Preview

Asolo Repertory Theatre Announces 2019-20 Season

Titles were also announced for Dog Days Theatre and FSU/Asolo Conservatory seasons this week.

By Kay Kipling March 26, 2019

 

The season announcements took place in the Mertz Theatre Monday afternoon.

Image: Staff

Asolo Repertory Theatre made the official announcement of its 2019-20 season on Monday afternoon, with three musicals and five plays in the mix. FST/Asolo Conservatory also announced its season—and that of its summertime theater company, Dog Days—at the event in the Mertz Theatre.

The Asolo Rep season begins in November with Rodgers & Hammerstein’s tale of the Von Trapp family, The Sound of Music (Nov. 16-Dec. 28), directed by Josh Rhodes, who has previously directed and choreographed Evita and Guys and Dolls here. Producing artistic director Michael Donald Edwards promises “a completely fresh take” on this oft-produced musical.

The Sound of Music opens the mainstage Asolo Rep season in November.

Image: Staff

The winter rotating rep season kicks off with an adaptation by Ken Ludwig of Agatha Christie’s Murder on the Orient Express (Jan. 10-March 8), featuring her famous detective Hercule Poirot and a trainload of suspects in the murder of a ruthless tycoon. Peter Amster will direct the show, which adds more humor to the original tale.

The recent Broadway hit The Lifespan of a Fact (Jan. 24-March 19) will be directed by Asolo Rep associate director Celine Rosenthal. Starring Daniel Radcliff in the Broadway version, this play centers on a millennial fact-checker at work on a groundbreaking essay for a magazine who may be taking his assignment too far.

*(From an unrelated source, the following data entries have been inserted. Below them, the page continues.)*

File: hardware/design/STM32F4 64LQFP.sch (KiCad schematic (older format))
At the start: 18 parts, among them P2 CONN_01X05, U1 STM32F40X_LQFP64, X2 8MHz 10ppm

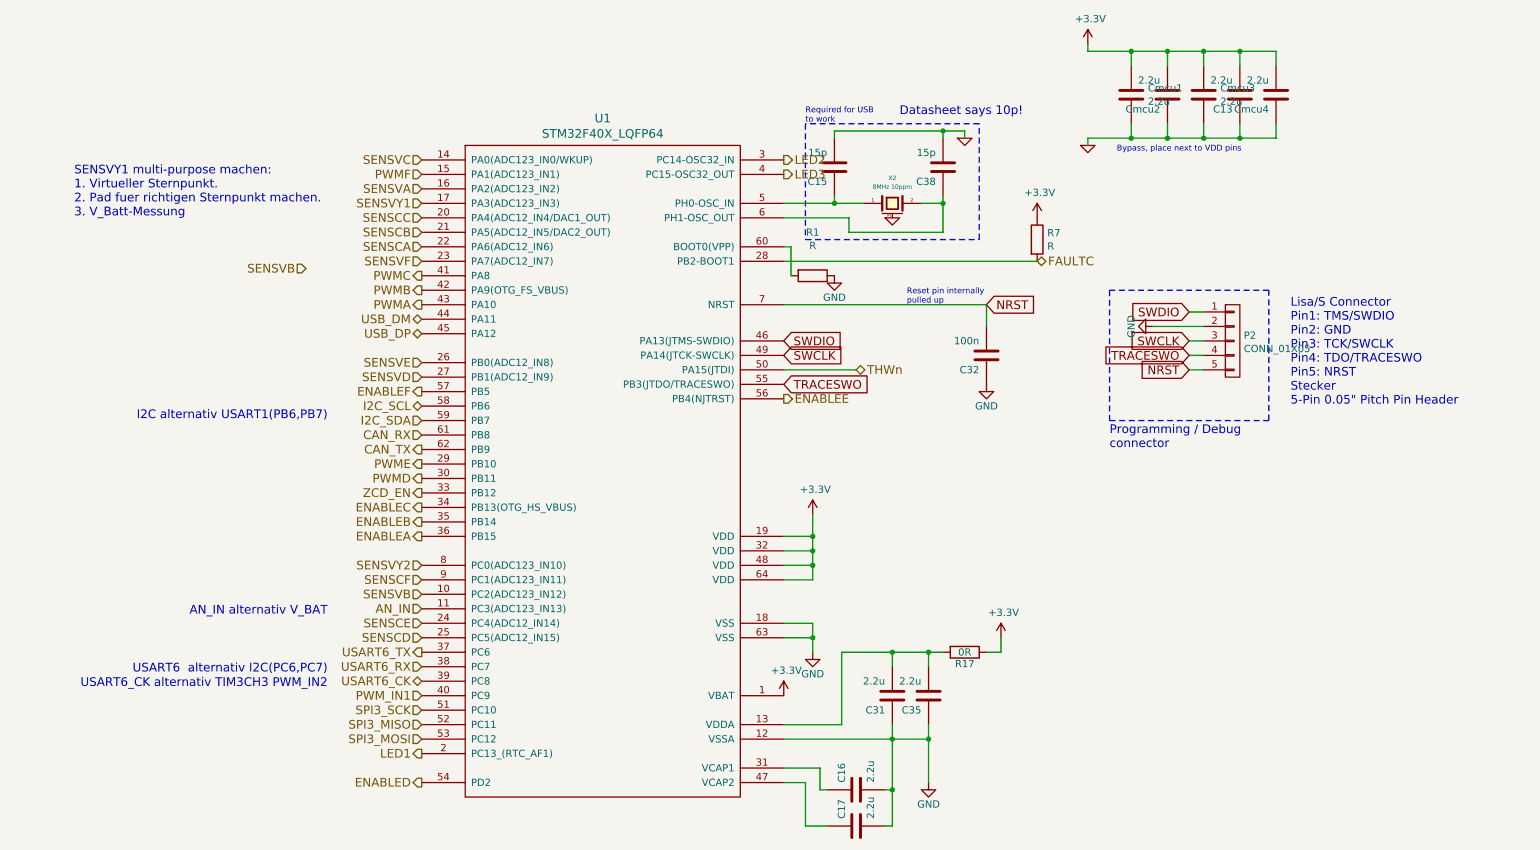
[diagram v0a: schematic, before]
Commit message: Six-phase power stage.
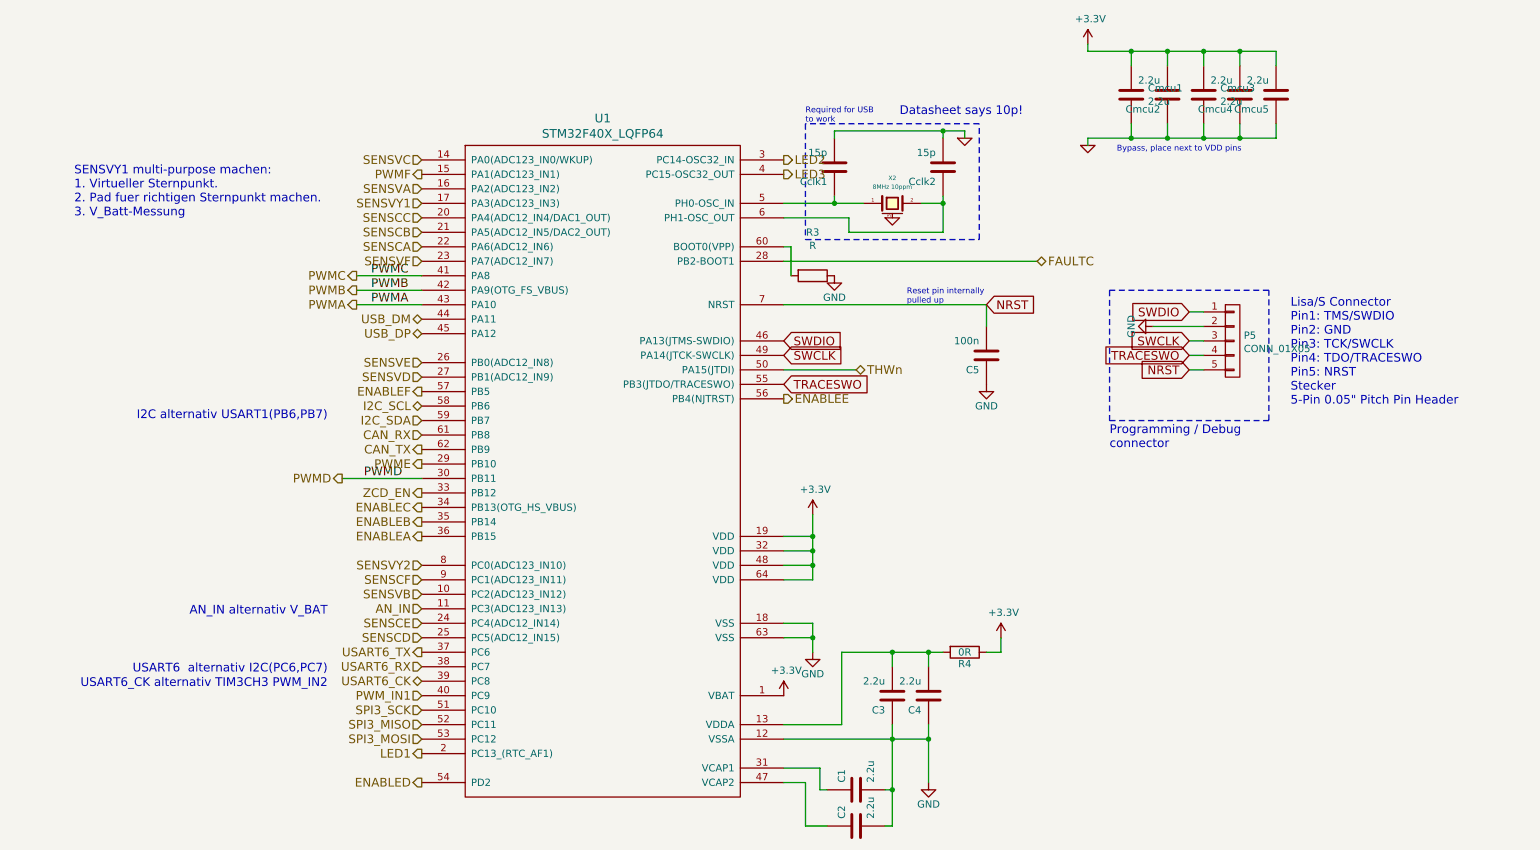
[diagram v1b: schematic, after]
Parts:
- removed R7: R, Resistors_SMD:R_0603, symbol R
- renumbered C16 to C1, C17 to C2, C31 to C3, C35 to C4, C32 to C5, C15 to Cclk1, C38 to Cclk2, C13 to Cmcu4, Cmcu4 to Cmcu5, P2 to P5, R1 to R3, R17 to R4
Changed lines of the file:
@@
 $Descr A4 11693 8268
 encoding utf-8
-Sheet 3 6
+Sheet 3 12
 Title "3-Phase Universal Driver"
 Date "2015-08-27"
@@
 $EndDescr
 $Comp
-L C-RESCUE-BLDC_4 C17
+L C-RESCUE-BLDC_4 C2
 U 1 1 53F757AE
 P 7500 6350
-F 0 "C17" H 7550 6450 50  0000 L CNN
+F 0 "C2" H 7550 6450 50  0000 L CNN
 F 1 "2.2u" H 7550 6250 50  0000 L CNN
 F 2 "Capacitors_SMD:C_0603" H 7500 6350 60  0001 C CNN
@@
 $EndComp
 $Comp
-L C-RESCUE-BLDC_4 C16
+L C-RESCUE-BLDC_4 C1
 U 1 1 53F757B5
 P 7500 6100
-F 0 "C16" H 7550 6200 50  0000 L CNN
+F 0 "C1" H 7550 6200 50  0000 L CNN
 F 1 "2.2u" H 7550 6000 50  0000 L CNN
 F 2 "Capacitors_SMD:C_0603" H 7500 6100 60  0001 C CNN
@@
 $EndComp
 $Comp
-L C-RESCUE-BLDC_4 C15
+L C-RESCUE-BLDC_4 Cclk1
 U 1 1 53F757DB
 P 7350 1800
-F 0 "C15" H 7400 1900 50  0000 L CNN
+F 0 "Cclk1" H 7400 1900 50  0000 L CNN
 F 1 "15p" H 7400 1700 50  0000 L CNN
 F 2 "Capacitors_SMD:C_0402" H 7350 1800 60  0001 C CNN
@@
 $EndComp
 $Comp
-L C-RESCUE-BLDC_4 C38
+L C-RESCUE-BLDC_4 Cclk2
 U 1 1 53F757E2
 P 8100 1800
-F 0 "C38" H 8150 1900 50  0000 L CNN
+F 0 "Cclk2" H 8150 1900 50  0000 L CNN
 F 1 "15p" H 8150 1700 50  0000 L CNN
 F 2 "Capacitors_SMD:C_0402" H 8100 1800 60  0001 C CNN
@@
 SWCLK
 $Comp
-L C-RESCUE-BLDC_4 C31
+L C-RESCUE-BLDC_4 C3
 U 1 1 53F757F8
 P 7750 5450
-F 0 "C31" H 7800 5550 50  0000 L CNN
+F 0 "C3" H 7800 5550 50  0000 L CNN
 F 1 "2.2u" H 7800 5350 50  0000 L CNN
 F 2 "Capacitors_SMD:C_0603" H 7750 5450 60  0001 C CNN
@@
 $EndComp
 $Comp
-L C-RESCUE-BLDC_4 C35
+L C-RESCUE-BLDC_4 C4
 U 1 1 53F757FF
 P 8000 5450
-F 0 "C35" H 8050 5550 50  0000 L CNN
+F 0 "C4" H 8050 5550 50  0000 L CNN
 F 1 "2.2u" H 8050 5350 50  0000 L CNN
 F 2 "Capacitors_SMD:C_0603" H 8000 5450 60  0001 C CNN
@@
 	7750 6350 7700 6350
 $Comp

The third in the rotating rep line-up is George Brant’s Into the Breeches! (Feb. 14-March 12), directed by Cleveland Play House artistic director Laura Kepley. In this piece set during World War II, a theater faces a dilemma in staging its next season, since all its leading men are off in the fight. But the director’s wife comes up with a solution: an all-female cast in a production of Shakespeare’s Henry V. Edwards calls Into the Breeches! “surprisingly modern and moving.”

A work by Lauren Yee (whose In A Word is currently onstage at Urbanite Theatre) takes the next season slot with a production in the Cook Theatre, March 20-April 11. Set in San Francisco in 1989, The Great Leap brings us Manford Lum, a kid who talks his way onto a college basketball team headed to Beijing and finds himself in the middle of China’s post-Cultural Revolution.

The already announced world premiere musical Knoxville will bow April 10-25, featuring songs by Stephen Flaherty and Lynn Ahrens (Ragtime, Once On This Island) and an adaptation by director Frank Galati of James Agee’s autobiographical novel A Death in the Family. Josh Rhodes choreographs this story examining the mysteries of life and death, faith and doubt in a quintessentially American coming-of-age story.

The legend of outlaw Robin Hood gets a new telling in Hood, with a book by five-time Tony-nominated playwright Douglas Carter Beane and songs by Lewis Flinn, May 15-31. It’s billed as a “madcap new musical adventure” with a 21st-century twist in its look at the escapades of Robin, his merry men and Maid Marian.

As it has done for the past few seasons, Asolo Rep closes the year with a family-friendly production, an adaptation of the classic fairy tale Snow White (June 12-28), with actors playing multiple roles and multiple instruments in yet another music-filled show.

Asolo Rep will also present its annual fall education tour, an FSU/Asolo Conservatory 45-minute adaptation of Shakespeare’s Romeo & Juliet. The Conservatory will also present the full-length version of the tragic love story as its season closer, April 7-25, in the Selby Gardens’ setting. But prior to that, The Conservatory offers Sophocles’ Antigone (Oct. 29-Nov. 17); Rajiv Joseph’s dark comedy Gruesome Playground Injuries, tracing the 30-year-long friendship between Doug and Kayleen, who met as children (Dec. 31-Jan. 19), and Sarah Ruhl’s Dead Man’s Cell Phone (Feb. 18-March 8), which follows a woman who impulsively answers a ringing cell phone only to find the owner of the phone is dead and herself involved in some mysterious business.

Subscriptions are on sale now, by calling 351-8000, at the box office, or by going online at asolorep.org. But if you can’t wait until the fall to see some shows, Dog Days Theatre provides two chances this summer: an adaptation of Thornton Wilder’s novel Theophilus North (July 9-28) and Chad Beguelin’s comedy Harbor (Aug. 6-25). More about those later.